Hier ein paar Beispiele für einheimische oder besonders beliebte Speisen:

Biltong
Salziges Trockenfleisch – meist Rind oder Kudu, aber du bekommst auch Strauß oder sogar Nashorn Biltong.

Bobotie
Das Gericht ist malaiischen Ursprungs und wird zubereitet wie ein Hackbraten mit Rosinen und anschließend mit Ei überbacken. Dazu gibt es oft gelben Reis, Bananenscheiben und Chutney.

Boerewors
Eine Wurst, die es traditionellerweise zum Braai gibt.

Bunny Chow
Ein ausgehöhlter halber Brotlaib, der mit Curry gefüllt wird; unter den Einheimischen auch bekannt als Kota.

Chakalaka
Eine Beilage indischen / malaiischen Ursprungs, die aus gemischten Zwiebeln, Knoblauch, Ingwer, Paprika, Karotten und Blumenkohl besteht und Chili und Curry gewürzt wird.

Chutney
Eine süße Sauce aus Früchten, die in der Regel zu Fleisch serviert wird. Ähnlich wie Ketchup also, nur dass die Südafrikaner Chutney über alles machen.

Koeksisters
Dieses afrikaanse Gebäck besteht aus geflochtenem frittiertem Teig. Super lecker, aber verdammt süß.

Malva Pudding
Ein süßer Aprikosen-Pudding aus Holland.

Melktart
Eine leckere Nachspeise auf Milchbasis.

Mielie-Meal
Wird in der Regel in dem bereits genannten „pap“ zubereitet und besteht aus Mais und Wasser.

Potjiekos
Ein traditioneller afrikaanse Eintopf mit Fleisch und Gemüse, der in einem gusseisernen Topfen zubereitet wird.
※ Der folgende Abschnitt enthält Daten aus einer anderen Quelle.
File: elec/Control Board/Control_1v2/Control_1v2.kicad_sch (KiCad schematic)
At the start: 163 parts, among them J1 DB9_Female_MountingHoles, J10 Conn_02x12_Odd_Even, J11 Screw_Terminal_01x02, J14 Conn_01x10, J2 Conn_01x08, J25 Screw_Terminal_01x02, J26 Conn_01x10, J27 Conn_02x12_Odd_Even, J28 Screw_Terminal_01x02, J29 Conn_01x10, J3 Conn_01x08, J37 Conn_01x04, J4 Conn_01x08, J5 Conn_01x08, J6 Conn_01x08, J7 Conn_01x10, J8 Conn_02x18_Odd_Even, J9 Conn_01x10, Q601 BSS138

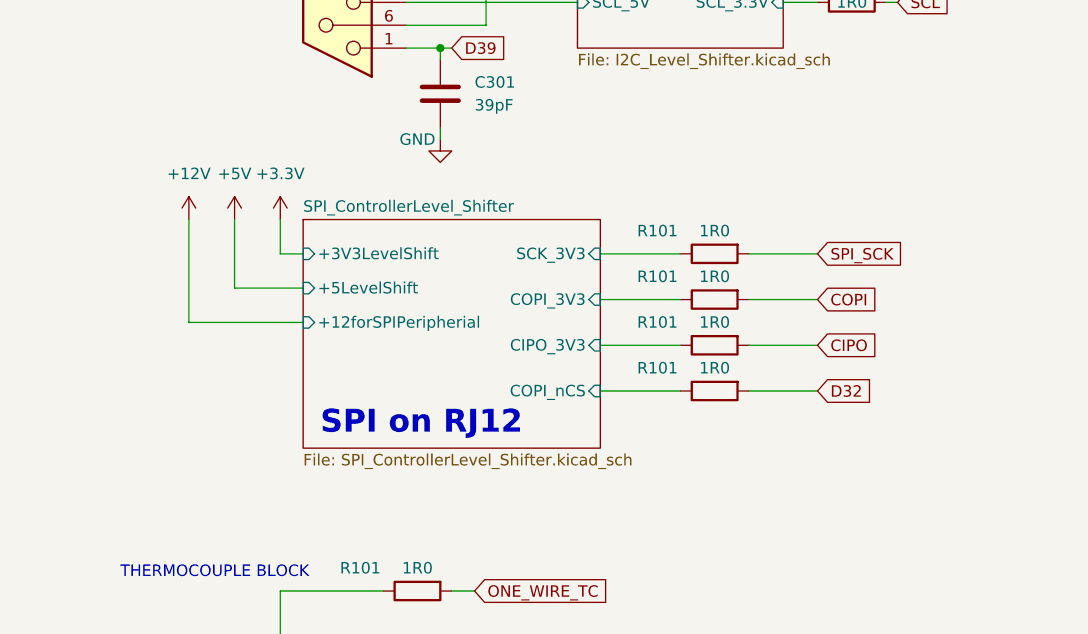
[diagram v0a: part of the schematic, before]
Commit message: Contrl 1.2 schematic, fix for Issue control board V1 kills ethernet boards #66
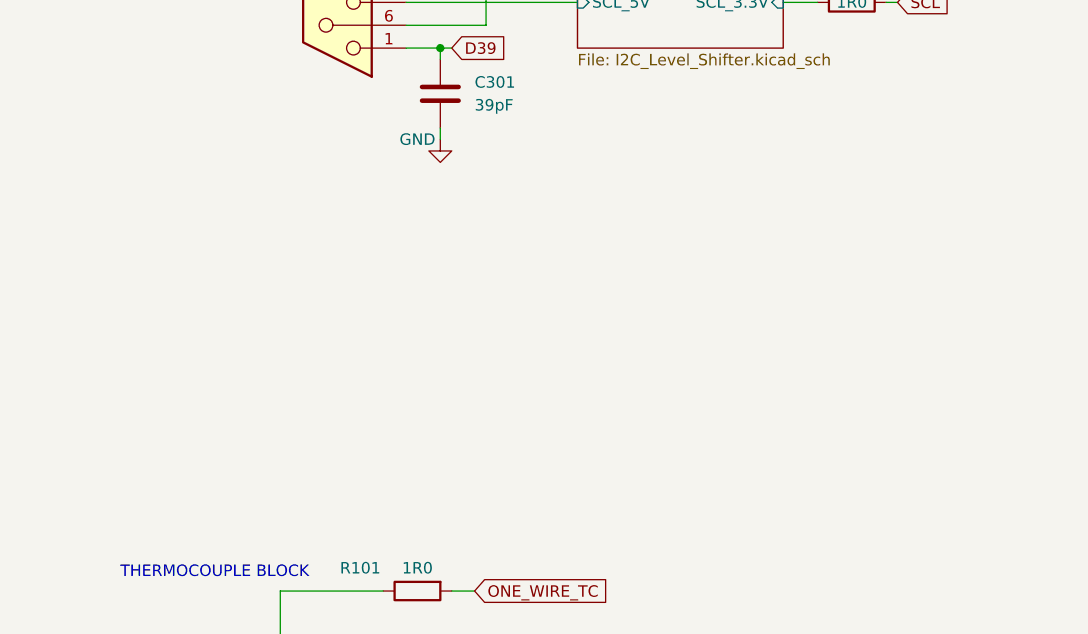
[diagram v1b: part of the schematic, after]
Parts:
- removed R101 (x4): 1R0, Resistor_SMD:R_0603_1608Metric_Pad0.98x0.95mm_HandSolder, symbol Device:R
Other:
- removed sheet SPI_ControllerLevel_Shifter
- note removed: "SPI on RJ12"

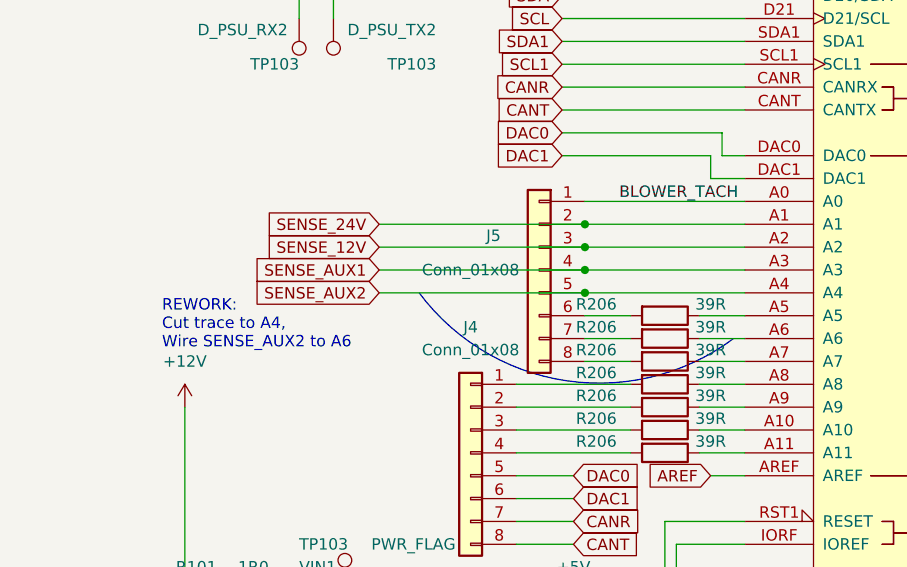
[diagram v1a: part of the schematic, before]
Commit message: Contrl 1.2 schematic, fix for Issue Control V1.1, A4 SENSE_AUX2 Conflicts With LAN Card SDA ( So does A5) #116
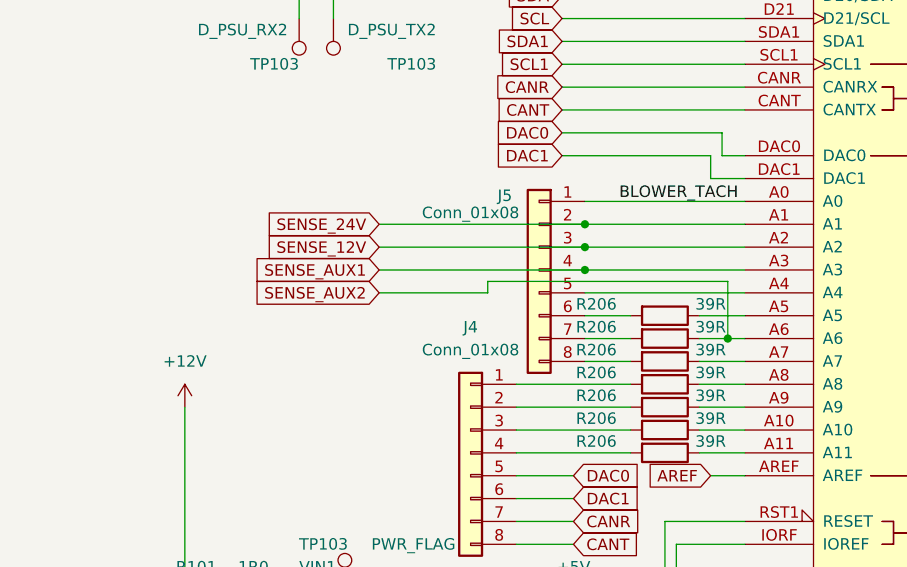
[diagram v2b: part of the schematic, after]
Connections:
- net SENSE_AUX2: now also A1.A6, R206.1; no longer A1.A4, J5.5 (Pin_5)
- new net: A1.A4, J5.5 (Pin_5)
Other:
- note removed: "REWORK: Cut trace to A4, Wire SENSE_AUX2 to A6"
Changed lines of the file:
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@@
   (junction (at 172.72 152.4) (diameter 0) (color 0 0 0 0)
   )
+  (junction (at 215.265 124.46) (diameter 0) (color 0 0 0 0)
+  )
   (junction (at 433.07 129.54) (diameter 0) (color 0 0 0 0)
   )
@@
   (junction (at 433.07 49.53) (diameter 0) (color 0 0 0 0)
   )
-  (junction (at 199.39 119.38) (diameter 0) (color 0 0 0 0)
-  )
   (junction (at 297.18 165.1) (diameter 0) (color 0 0 0 0)
   )
@@
     (stroke (width 0) (type default))
   )
+  (wire (pts (xy 215.265 124.46) (xy 217.17 124.46))
+    (stroke (width 0) (type default))
+  )
   (wire (pts (xy 463.55 148.59) (xy 463.55 134.62))
     (stroke (width 0) (type default))
@@
     (stroke (width 0) (type default))
   )
-  (wire (pts (xy 212.09 124.46) (xy 217.17 124.46))
-    (stroke (width 0) (type default))
-  )
   (wire (pts (xy 431.8 40.64) (xy 424.18 40.64))
     (stroke (width 0) (type default))
@@
     (stroke (width 0) (type default))
   )
+  (wire (pts (xy 188.595 118.11) (xy 188.595 119.38))
+    (stroke (width 0) (type default))
+  )
   (wire (pts (xy 307.34 139.7) (xy 317.5 139.7))
     (stroke (width 0) (type default))
@@
     (stroke (width 0) (type default))
   )
+  (wire (pts (xy 188.595 119.38) (xy 176.53 119.38))
+    (stroke (width 0) (type default))
+  )
   (wire (pts (xy 204.47 162.56) (xy 217.17 162.56))
     (stroke (width 0) (type default))
@@
     (stroke (width 0) (type default))
   )
+  (wire (pts (xy 212.09 124.46) (xy 215.265 124.46))
+    (stroke (width 0) (type default))
+  )
   (wire (pts (xy 488.95 261.62) (xy 494.03 261.62))
     (stroke (width 0) (type default))
@@
     (stroke (width 0) (type default))
   )
-  (wire (pts (xy 176.53 119.38) (xy 199.39 119.38))
-    (stroke (width 0) (type default))
-  )
   (wire (pts (xy 354.33 217.17) (xy 358.14 217.17))
     (stroke (width 0) (type default))
@@
     (stroke (width 0) (type default))
   )
+  (wire (pts (xy 199.39 124.46) (xy 204.47 124.46))
+    (stroke (width 0) (type default))
+  )
   (wire (pts (xy 199.39 119.38) (xy 217.17 119.38))
     (stroke (width 0) (type default))
@@
     (stroke (width 0) (type default))
   )
+  (wire (pts (xy 215.265 118.11) (xy 188.595 118.11))
+    (stroke (width 0) (type default))
+  )
   (wire (pts (xy 60.96 170.815) (xy 41.91 170.815))
     (stroke (width 0) (type default))
@@
     (stroke (width 0) (type default))
   )
+  (wire (pts (xy 215.265 124.46) (xy 215.265 118.11))
+    (stroke (width 0) (type default))
+  )
   (wire (pts (xy 161.29 45.72) (xy 161.29 52.07))
     (stroke (width 0) (type default))
@@
     (stroke (width 0) (type default))
   )
-  (wire (pts (xy 199.39 124.46) (xy 204.47 124.46))
-    (stroke (width 0) (type default))
-  )
   (wire (pts (xy 307.34 127) (xy 307.34 139.7))
     (stroke (width 0) (type default))
@@
     (fill (type none))
   )
-  (arc (start 215.9 124.46) (mid 197.3854 129.1532) (end 180.975 119.38)
-    (stroke (width 0) (type default))
-    (fill (type none))
-  )
   (arc (start 465.455 194.31) (mid 464.2381 204.8523) (end 455.93 211.455)
     (stroke (width 0) (type default))
@@
     (effects (font (size 1.27 1.27)) (justify left bottom))
   )
-  (text "REWORK:\nCut trace to A4,\nWire SENSE_AUX2 to A6" (at 152.4 125.73 0)
-    (effects (font (size 1.27 1.27)) (justify left bottom))
-  )
   (text "Blower Controller Signals\nFAN_POWER the Due output sets high to enable power to the blower.\nFAN1_FG is the Due input gets tachometer signal. Two low going edeges per revoluion.\nnFan1_PWM is negative aserted PWM to control blower speed."
     (at 302.26 189.23 0)
@@
   (symbol (lib_id "Connector_Generic:Conn_01x08") (at 194.31 116.84 0) (mirror y) (unit 1)
     (in_bom yes) (on_board yes) (dnp no)
-    (property "Reference" "J5" (at 189.23 113.03 0)
+    (property "Reference" "J5" (at 190.5 108.585 0)
       (effects (font (size 1.27 1.27)))
     )
-    (property "Value" "Conn_01x08" (at 186.69 116.84 0)
+    (property "Value" "Conn_01x08" (at 186.69 110.49 0)
       (effects (font (size 1.27 1.27)))
     )

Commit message: Contrl 1.2 schematic, fix for Issue: [200~Add TP to 5VHead, 5V, Change TP Values for SilkScreen
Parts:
- added TP103: 5VHead, TestPoint:TestPoint_Loop_D2.54mm_Drill1.5mm_Beaded, symbol Connector:TestPoint
- added TP103: +3.3V, TestPoint:TestPoint_Loop_D2.54mm_Drill1.5mm_Beaded, symbol Connector:TestPoint
- added TP103: +5V, TestPoint:TestPoint_Loop_D2.54mm_Drill1.5mm_Beaded, symbol Connector:TestPoint
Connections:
- net +3.3V: now also TP103.1
- net +5V: now also TP103.1
- net 5VHead: now also TP103.1
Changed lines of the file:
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@@
   (junction (at 257.81 34.29) (diameter 0) (color 0 0 0 0)
   )
+  (junction (at 209.55 182.88) (diameter 0) (color 0 0 0 0)
+  )
   (junction (at 509.27 53.34) (diameter 0) (color 0 0 0 0)
   )
@@
   (junction (at 81.28 53.34) (diameter 0) (color 0 0 0 0)
   )
+  (junction (at 190.5 181.61) (diameter 0) (color 0 0 0 0)
+  )
   (junction (at 181.61 152.4) (diameter 0) (color 0 0 0 0)
   )
@@
   (junction (at 201.93 71.12) (diameter 0) (color 0 0 0 0)
   )
+  (junction (at 180.34 184.15) (diameter 0) (color 0 0 0 0)
+  )
   (junction (at 64.135 296.545) (diameter 0) (color 0 0 0 0)
   )
@@
     (stroke (width 0) (type default))
   )
-  (wire (pts (xy 185.42 184.15) (xy 167.64 184.15))
+  (wire (pts (xy 185.42 184.15) (xy 180.34 184.15))
     (stroke (width 0) (type default))
   )
@@
     (stroke (width 0) (type default))
   )
+  (wire (pts (xy 190.5 165.1) (xy 190.5 181.61))
+    (stroke (width 0) (type default))
+  )
   (wire (pts (xy 76.2 80.01) (xy 76.2 81.28))
     (stroke (width 0) (type default))
@@
     (stroke (width 0) (type default))
   )
-  (wire (pts (xy 190.5 165.1) (xy 190.5 176.53))
-    (stroke (width 0) (type default))
-  )
   (wire (pts (xy 438.15 202.565) (xy 438.15 206.375))
     (stroke (width 0) (type default))
@@
     (stroke (width 0) (type default))
   )
+  (wire (pts (xy 190.5 181.61) (xy 190.5 186.69))
+    (stroke (width 0) (type default))
+  )
   (wire (pts (xy 283.21 91.44) (xy 288.29 91.44))
     (stroke (width 0) (type default))
@@
     (stroke (width 0) (type default))
   )
+  (wire (pts (xy 209.55 182.88) (xy 209.55 187.325))
+    (stroke (width 0) (type default))
+  )
   (wire (pts (xy 172.72 152.4) (xy 181.61 152.4))
     (stroke (width 0) (type default))
@@
     (stroke (width 0) (type default))
   )
+  (wire (pts (xy 180.34 184.15) (xy 180.34 186.69))
+    (stroke (width 0) (type default))
+  )
   (wire (pts (xy 209.55 176.53) (xy 210.82 176.53))
     (stroke (width 0) (type default))
   )
+  (wire (pts (xy 180.34 184.15) (xy 167.64 184.15))
+    (stroke (width 0) (type default))
+  )
   (wire (pts (xy 154.94 152.4) (xy 158.75 152.4))
     (stroke (width 0) (type default))
@@
     )
   )
+  (symbol (lib_id "Connector:TestPoint") (at 209.55 187.325 180) (unit 1)
+    (in_bom yes) (on_board yes) (dnp no)
+    (property "Reference" "TP103" (at 217.17 192.405 0)
+      (effects (font (size 1.27 1.27)) (justify left))
+    )
+    (property "Value" "5VHead" (at 217.805 190.5 0)
+      (effects (font (size 1.27 1.27)) (justify left))
+    )
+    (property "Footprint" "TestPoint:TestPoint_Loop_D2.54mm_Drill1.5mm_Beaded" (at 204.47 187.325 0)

Kinderleicht und lecker.

Rusks
Rechteckige, harte und trockene Kekse, die zum Tee oder Kaffee serviert werden. Du kannst sie selber machen, oder in so gut wie jedem Geschäft kaufen.

Sosaties
Gegrilltes, mariniertes Fleisch auf einem Spieß.

Umngqusho
Besteht aus weißem Mais und Zuckerbohnen und ist ein Grundnahrungsmittel der Xhosa.

Bokkoms
Ein Fisch, der gesalzen und gebündelt wird, bevor er zum Trocknen aufgehängt wird. Fast wie Fische Biltong.

Smoked Snoek
Eine regionaler Gamefish, der geräuchert wird.

Waterblommetjie
Mit der Blüte der Cape Pondweed geschmortes Fleisch.

Gatsby
Eine Art Deli-Sandwich: lange aufgeschnittene Brötchen, die eigentlich mit Pommes Frittes meist aber mit einer Vielzahl anderer Zutaten gefüllt werden.